Excerpts from a dataset:
*** Block opens ***

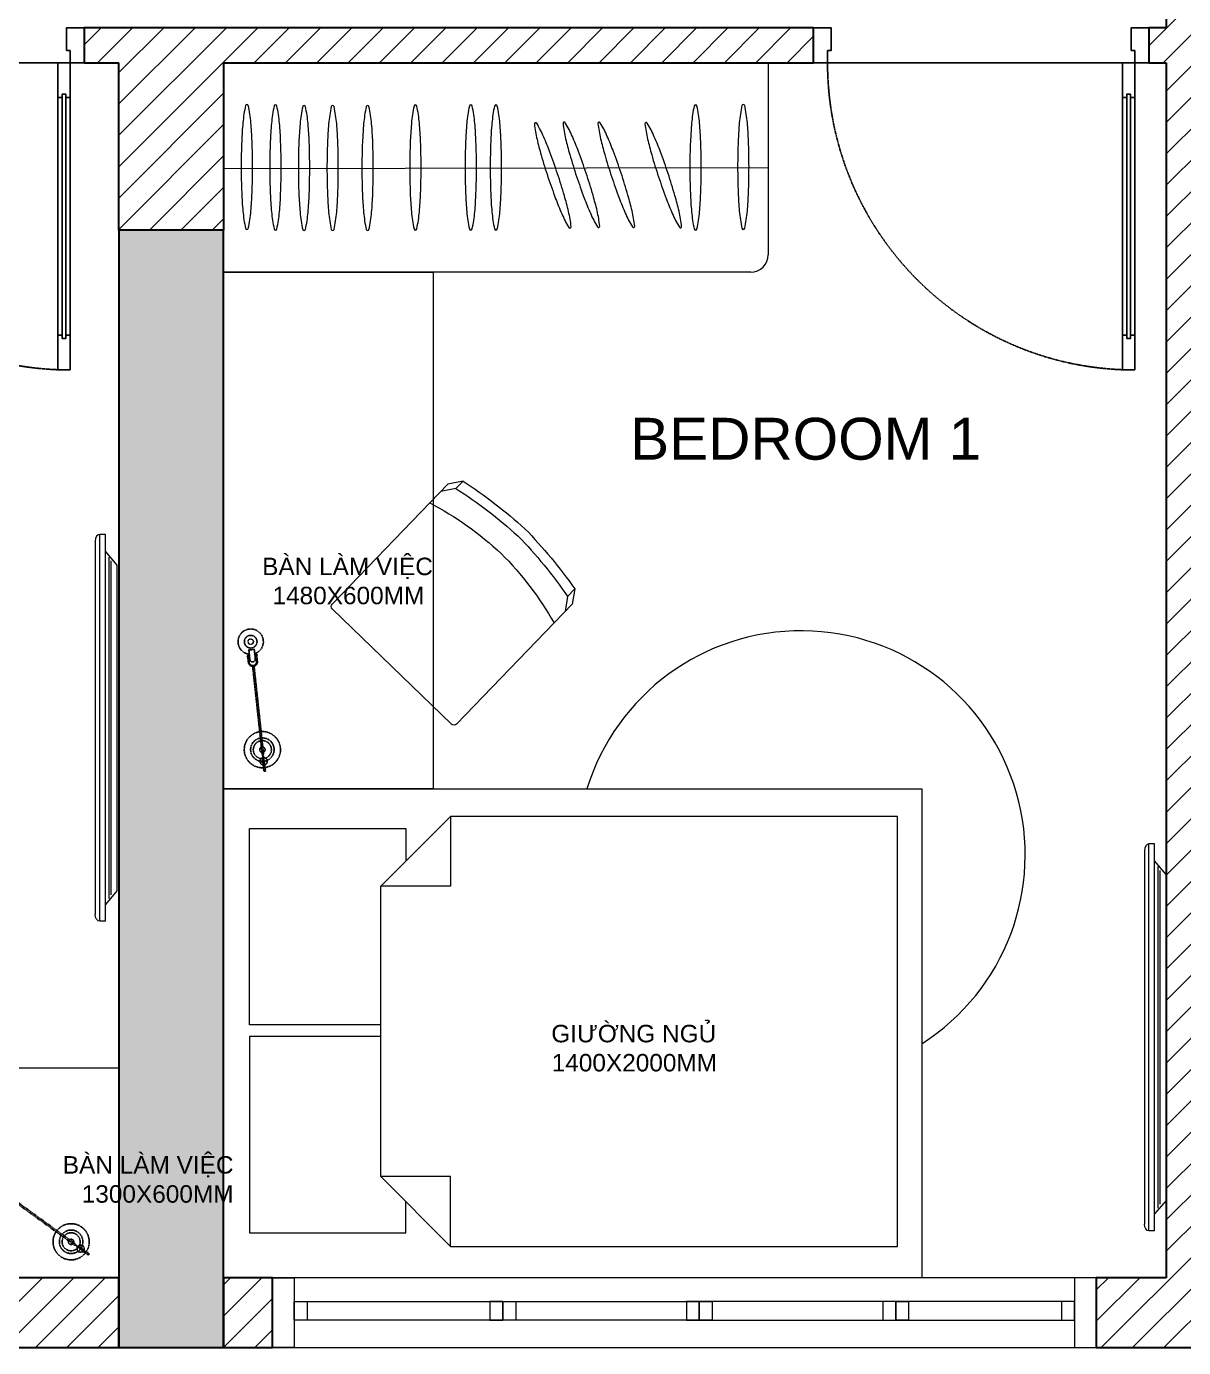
# Model space of a CAD drawing. Header units: millimetres. Extents: x 7780 to 20500, y -15070 to -6359.
# Drawn here: x 13865 to 17180, y -15069 to -11285 of the extents above; entities that cross this region are included whole.
import ezdxf

# ---------------------------------------------------------------- set-up
doc = ezdxf.new("R2010")
doc.units = ezdxf.units.MM
doc.header["$LTSCALE"] = 0.5
doc.linetypes.add('HIDDEN', pattern=[0.375, 0.25, -0.125])
doc.linetypes.add('YLD.Studio专用线型012', pattern=[9.525, 6.35, -3.175])
for name, color, linetype, lineweight in [('0 TEXT @ 100', 7, 'Continuous', 13), ('AZ-Furniture', 35, 'Continuous', 9), ('L-0.25', 32, 'Continuous', 13), ('L-Door', 153, 'Continuous', 15), ('L-Fur', 35, 'Continuous', 13), ('L-Hatch', 251, 'Continuous', 5), ('L-Hatch @ 1', 251, 'Continuous', 5), ('L-Wall', 254, 'Continuous', 30)]:
    doc.layers.add(name, color=color, linetype=linetype, lineweight=lineweight)
doc.styles.add('Text Ghi chú (ANNO)', font='arial.ttf', dxfattribs={"height": 4})
pattern_1 = [(45, (351657.15, 316231.06), (-44.901281, 44.901281), [])]

# ---------------------------------------------------------------- blocks, each defined once
blk = doc.blocks.new('*U3')
at = {"ltscale": 100}
for p, q in [((-75, 200), (-75, 880)), ((-40, 880), (-40, 200))]:
    blk.add_line(p, q, dxfattribs=at)
at = {"color": 8, "ltscale": 100}
blk.add_line((-40, 100), (-920, 100), dxfattribs=at)
at = {"ltscale": 100}
for points in [[(-40, 980), (-40, 880), (-52.5, 880), (-52.5, 890), (-62.5, 890), (-62.5, 880), (-75, 880), (-75, 980)], [(-62.5, 200), (-62.5, 190), (-52.5, 190), (-52.5, 200), (-40, 200), (-40, 100), (-75, 100), (-75, 200)], [(-960, 100), (-920, 100), (-920, 65), (-910, 65), (-910, 0), (-960, 0)], [(-50, 65), (-40, 65), (-40, 100), (0, 100), (0, 0), (-50, 0)]]:
    blk.add_lwpolyline(points, close=True, dxfattribs=at)
at = {"color": 8, "ltscale": 100}
blk.add_lwpolyline([(-62.5, 890), (-52.5, 890), (-52.5, 190), (-62.5, 190)], close=True, dxfattribs=at)
at = {"color": 8, "linetype": 'HIDDEN', "ltscale": 10}
blk.add_arc((-40, 100), 880, 90, 180, dxfattribs=at)
blk = doc.blocks.new('04家具2室内设计情报局66')
at = {"color": 251, "linetype": 'YLD.Studio专用线型012'}
for p, q in [((3262147.1, 2604681), (3261678.6, 2604817.2)), ((3262149.3, 2604688.7), (3261680.8, 2604824.9)), ((3262149.3, 2604688.7), (3262147.1, 2604681)), ((3262219.7, 2604662), (3262147.6, 2604682.9)), ((3262220.8, 2604665.8), (3262148.8, 2604686.7)), ((3262177.8, 2604672), (3262177, 2604669.2)), ((3262192.3, 2604664.7), (3262177, 2604669.2)), ((3262177.8, 2604672), (3262193.2, 2604667.6)), ((3262181.3, 2604673.1), (3262180.7, 2604671.2)), ((3262190.9, 2604670.3), (3262190.3, 2604668.4)), ((3262193.2, 2604667.6), (3262192.3, 2604664.7)), ((3262193.2, 2604667.6), (3262193.7, 2604669.5)), ((3262238.2, 2604654.5), (3262193.2, 2604667.6)), ((3262194.9, 2604673.3), (3262195.4, 2604675.3)), ((3262240.5, 2604662.2), (3262195.4, 2604675.3)), ((3262220.8, 2604665.8), (3262219.7, 2604662)), ((3262240.5, 2604662.2), (3262238.2, 2604654.5))]:
    blk.add_line(p, q, dxfattribs=at)
for points in [[(3261645.8, 2604846.5), (3261593, 2604861.9, -0.171573), (3261584.6, 2604833), (3261637.4, 2604817.7, 1), (3261645.8, 2604846.5, -1)], [(3261663, 2604851.9), (3261624.6, 2604863.1), (3261623.2, 2604858.3), (3261661.6, 2604847.1, -1), (3261650.4, 2604808.7), (3261612, 2604819.9), (3261610.6, 2604815.1), (3261649, 2604803.9, 1), (3261663, 2604851.9, -1)]]:
    blk.add_lwpolyline(points, format="xyb", dxfattribs=at)
for points in [[(3261617.8, 2604813), (3261617.1, 2604810.6), (3261612.3, 2604812), (3261613, 2604814.4)], [(3261615.8, 2604824), (3261614.4, 2604819.2)], [(3261620.6, 2604822.6), (3261619.2, 2604817.8)], [(3261624.2, 2604852.8), (3261625.6, 2604857.6)], [(3261627, 2604862.4), (3261627.7, 2604864.8), (3261632.5, 2604863.4), (3261631.8, 2604861)], [(3261629, 2604851.4), (3261630.4, 2604856.2)]]:
    blk.add_lwpolyline(points, dxfattribs=at)
for centre, radius in [((3261548, 2604859.3), 35), ((3261548, 2604859.3), 15), ((3262124.2, 2604691.8), 65), ((3262124.2, 2604691.8), 50), ((3262124.2, 2604691.8), 15)]:
    blk.add_circle(centre, radius, dxfattribs=at)
for centre, radius, start, end in [((3261548, 2604859.3), 70, 356.16324, 331.41599), ((3262124.2, 2604691.8), 100, 346.08206, 161.49717), ((3262124.2, 2604691.8), 100, 166.08206, 341.49717), ((3262186.6, 2604673.6), 20, 355.32657, 332.25265)]:
    blk.add_arc(centre, radius, start, end, dxfattribs=at)
blk = doc.blocks.new('A$C006C667F')
at = {"linetype": 'Continuous'}
for p, q in [((-222.5, 523.7), (-247.5, 487.6)), ((-222.5, 493.9), (-247.5, 457.8)), ((-222.5, 493.9), (-222.5, 523.7)), ((222.5, 523.7), (247.5, 487.6)), ((222.5, 493.9), (222.5, 523.7)), ((222.5, 493.9), (247.5, 457.8)), ((-247.5, 487.6), (-247.5, 10)), ((247.5, 487.6), (247.5, 10)), ((-237.5, 0), (237.5, 0)), ((237.5, 0), (-237.5, 0))]:
    blk.add_line(p, q, dxfattribs=at)
for centre, radius, start, end in [((55, -947.5), 1497.2, 92.104, 100.68), ((-55, -947.5), 1497.2, 79.32, 87.896), ((43.7, -825), 1345.5, 91.8612, 101.4108), ((-43.7, -825), 1345.5, 78.5892, 88.1388), ((13.6, -470.7), 920.8, 90.8435, 106.4704), ((-13.6, -470.7), 920.8, 73.5296, 89.1565), ((-237.5, 10), 10, 180, 270), ((237.5, 10), 10, 270, 0)]:
    blk.add_arc(centre, radius, start, end, dxfattribs=at)
blk = doc.blocks.new('tv')
at = {"layer": 'AZ-Furniture', "ltscale": 2}
for p, q in [((-3312.4, -17466.7), (-3296.2, -17466.7)), ((-3312.4, -18574.9), (-3312.4, -17466.7)), ((-3296.2, -18574.9), (-3296.2, -17466.7)), ((-3345.4, -17553.8), (-3312.4, -17515.1)), ((-3283.3, -17486), (-3283.3, -18555.5)), ((-3345.4, -17553.8), (-3345.4, -18487.8)), ((-3328.5, -18498.8), (-3328.5, -17542.7)), ((-3322, -17531.7), (-3322, -18509.9)), ((-3345.4, -18487.8), (-3312.4, -18526.5)), ((-3312.4, -18574.9), (-3296.2, -18574.9))]:
    blk.add_line(p, q, dxfattribs=at)
at = {"layer": 'AZ-Furniture', "ltscale": 2, "extrusion": (0, 0, -1)}
blk.add_ellipse((-3296.2, -17486), major_axis=(0, 19.4), ratio=0.666667, start_param=0, end_param=1.570796, dxfattribs=at)
at = {"layer": 'AZ-Furniture', "ltscale": 2}
blk.add_ellipse((-3296.2, -18555.5), major_axis=(0, -19.4), ratio=0.666667, start_param=0, end_param=1.570796, dxfattribs=at)

msp = doc.modelspace()

# ---------------------------------------------------------------- hatches: boundary and pattern name
at = {"layer": 'L-Hatch'}
h = msp.add_hatch(color=256, dxfattribs=at)
h.dxf.hatch_style = 1
h.paths.add_polyline_path([(7980.3, -12549.2), (7780.3, -12549.2), (7780.3, -15069.2), (7980.3, -15069.2)])
h.paths.add_polyline_path([(14430.3, -11869.2), (14130.3, -11869.2), (14130.3, -15069.2), (14430.3, -15069.2)])
h.paths.add_polyline_path([(20500.3, -11779.2), (20220.3, -11779.2), (20220.3, -14309.2), (20500.3, -14309.2)])
h.paths.add_polyline_path([(20500.3, -7219.2), (17030.3, -7219.2), (17030.3, -7459.2), (18740.3, -7459.2), (18840.3, -7459.2), (20500.3, -7459.2)])
at = {"layer": 'L-Hatch @ 1'}
h = msp.add_hatch(dxfattribs=at)
h.set_pattern_fill('ANSI31', color=256, scale=20)
h.set_pattern_definition(pattern_1)
h.paths.add_polyline_path([(7900.3, -7369.2), (8045.3, -7369.2), (8045.3, -7219.2), (7780.3, -7219.2), (7780.3, -7419.2), (7780.3, -12549.2), (7900.3, -12549.2)])
h.paths.add_polyline_path([(13930.3, -7369.2), (13930.3, -8209.2), (14030.3, -8209.2), (14030.3, -7369.2), (14330.3, -7369.2), (14330.3, -7219.2), (9445.3, -7219.2), (9445.3, -7369.2)])
h.paths.add_polyline_path([(15470.3, -7219.2), (15470.3, -7369.2), (15470.3, -10099.2), (14230.3, -10099.2), (14230.3, -9829.2), (14030.3, -9829.2), (14030.3, -9009.2), (13930.3, -9009.2), (13930.3, -10079.2), (13930.3, -10199.2), (15640.3, -10199.2), (15640.3, -10099.2), (15615.3, -10099.2), (15615.3, -7379.2), (15820.3, -7379.2), (15820.3, -7219.2)])
h.paths.add_polyline_path([(14130.3, -9929.2), (14130.3, -10079.2), (14030.3, -10079.2), (14030.3, -9929.2)], flags=16)
h.paths.add_polyline_path([(16818.3, -7459.2), (17030.3, -7459.2), (17030.3, -7219.2), (16420.3, -7219.2), (16420.3, -7379.2), (16718.3, -7379.2), (16718.3, -8479.2), (17120.3, -8479.2), (17120.3, -10099.2), (16490.3, -10099.2), (16490.3, -10199.2), (17130.3, -10199.2), (17130.3, -10279.2), (17230.3, -10279.2), (17230.3, -7459.2), (17130.3, -7459.2), (17130.3, -8379.2), (16818.3, -8379.2)])
h.paths.add_polyline_path([(20500.3, -7459.2), (20300.3, -7459.2), (20300.3, -8319.2), (19910.3, -8319.2), (19910.3, -7459.2), (19810.3, -7459.2), (19810.3, -8419.2), (20300.3, -8419.2), (20300.3, -8569.2), (20500.3, -8569.2)])
h.paths.add_polyline_path([(20500.3, -9169.2), (20300.3, -9169.2), (20300.3, -10044.2), (18840.3, -10044.2), (18840.3, -10014.2), (18740.3, -10014.2), (18740.3, -10144.2), (20300.3, -10144.2), (20300.3, -11779.2), (20500.3, -11779.2)])
h.paths.add_polyline_path([(17130.3, -11389.2), (17130.3, -14869.2), (16930.3, -14869.2), (16930.3, -15069.2), (18130.3, -15069.2), (18130.3, -14869.2), (17230.3, -14869.2), (17230.3, -11219.2), (17130.3, -11219.2), (17130.3, -11289.2), (17080.3, -11289.2), (17080.3, -11389.2)])
h.paths.add_polyline_path([(13070.3, -11389.2), (13070.3, -11289.2), (11060.3, -11289.2), (11060.3, -11389.2), (11060.3, -13869.2), (10815.3, -13869.2), (10815.3, -14069.2), (10960.3, -14069.2), (10960.3, -14869.2), (10960.3, -15069.2), (11400.3, -15069.2), (11400.3, -14869.2), (11160.3, -14869.2), (11160.3, -11389.2)])
h = msp.add_hatch(dxfattribs=at)
h.set_pattern_fill('ANSI31', color=256, scale=20)
h.set_pattern_definition(pattern_1)
h.paths.add_polyline_path([(14430.3, -11389.2), (16120.3, -11389.2), (16120.3, -11289.2), (14030.3, -11289.2), (14030.3, -11389.2), (14130.3, -11389.2), (14130.3, -11869.2), (14430.3, -11869.2)])
h = msp.add_hatch(dxfattribs=at)
h.set_pattern_fill('ANSI31', color=256, scale=20)
h.set_pattern_definition(pattern_1)
h.paths.add_polyline_path([(14130.3, -14869.2), (13800.3, -14869.2), (13800.3, -15069.2), (14130.3, -15069.2)])
h.paths.add_polyline_path([(14570.3, -14869.2), (14430.3, -14869.2), (14430.3, -15069.2), (14570.3, -15069.2)])

# ---------------------------------------------------------------- linework, layer by layer
at = {"layer": 'AZ-Furniture', "ltscale": 2}
for p, q in [((14075.5, -13848.3), (14075.5, -12740.1)), ((14091.6, -12740.1), (14075.5, -12740.1)), ((14091.6, -13848.3), (14091.6, -12740.1)), ((14062.6, -12759.4), (14062.6, -13828.9)), ((14124.6, -12827.2), (14091.6, -12788.5)), ((14101.3, -12805.1), (14101.3, -13783.3)), ((14107.8, -13772.2), (14107.8, -12816.1)), ((14124.6, -12827.2), (14124.6, -13761.1)), ((15080.3, -13548), (14880.3, -13748)), ((16360.3, -13548), (15080.3, -13548)), ((14124.6, -13761.1), (14091.6, -13799.9)), ((14880.3, -14579.6), (14880.3, -13748)), ((14091.6, -13848.3), (14075.5, -13848.3)), ((14880.3, -14579.6), (15080.3, -14779.6)), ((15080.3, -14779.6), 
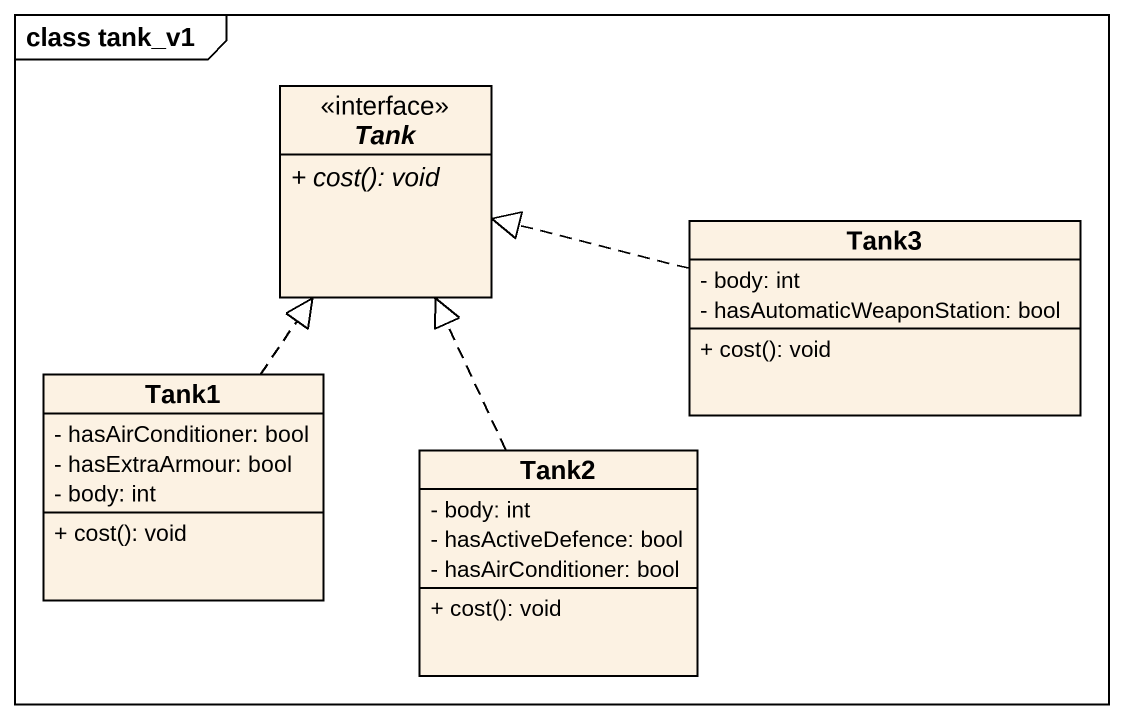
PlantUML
@startuml
mainframe class tank_v1
hide circle
hide empty members
skinparam classAttributeIconSize 0
interface Tank {
  {abstract} + cost(): void
}
class Tank3 {
  - body: int
  - hasAutomaticWeaponStation: bool
  + cost(): void
}
class Tank1 {
  - hasAirConditioner: bool
  - hasExtraArmour: bool
  - body: int
  + cost(): void
}
class Tank2 {
  - body: int
  - hasActiveDefence: bool
  - hasAirConditioner: bool
  + cost(): void
}
Tank3 .left.|> Tank
Tank1 .up.|> Tank
Tank2 .up.|> Tank
@enduml

*** Block closes ***

REQUIRED ACTION:
Please give back exactly the lines from the first line of the records above through the line containing "import ezdxf", only those and both included, with the pictures removed.

REPLY TO THE EXERCISE:
# Model space of a CAD drawing. Header units: millimetres. Extents: x 7780 to 20500, y -15070 to -6359.
# Drawn here: x 13865 to 17180, y -15069 to -11285 of the extents above; entities that cross this region are included whole.
import ezdxf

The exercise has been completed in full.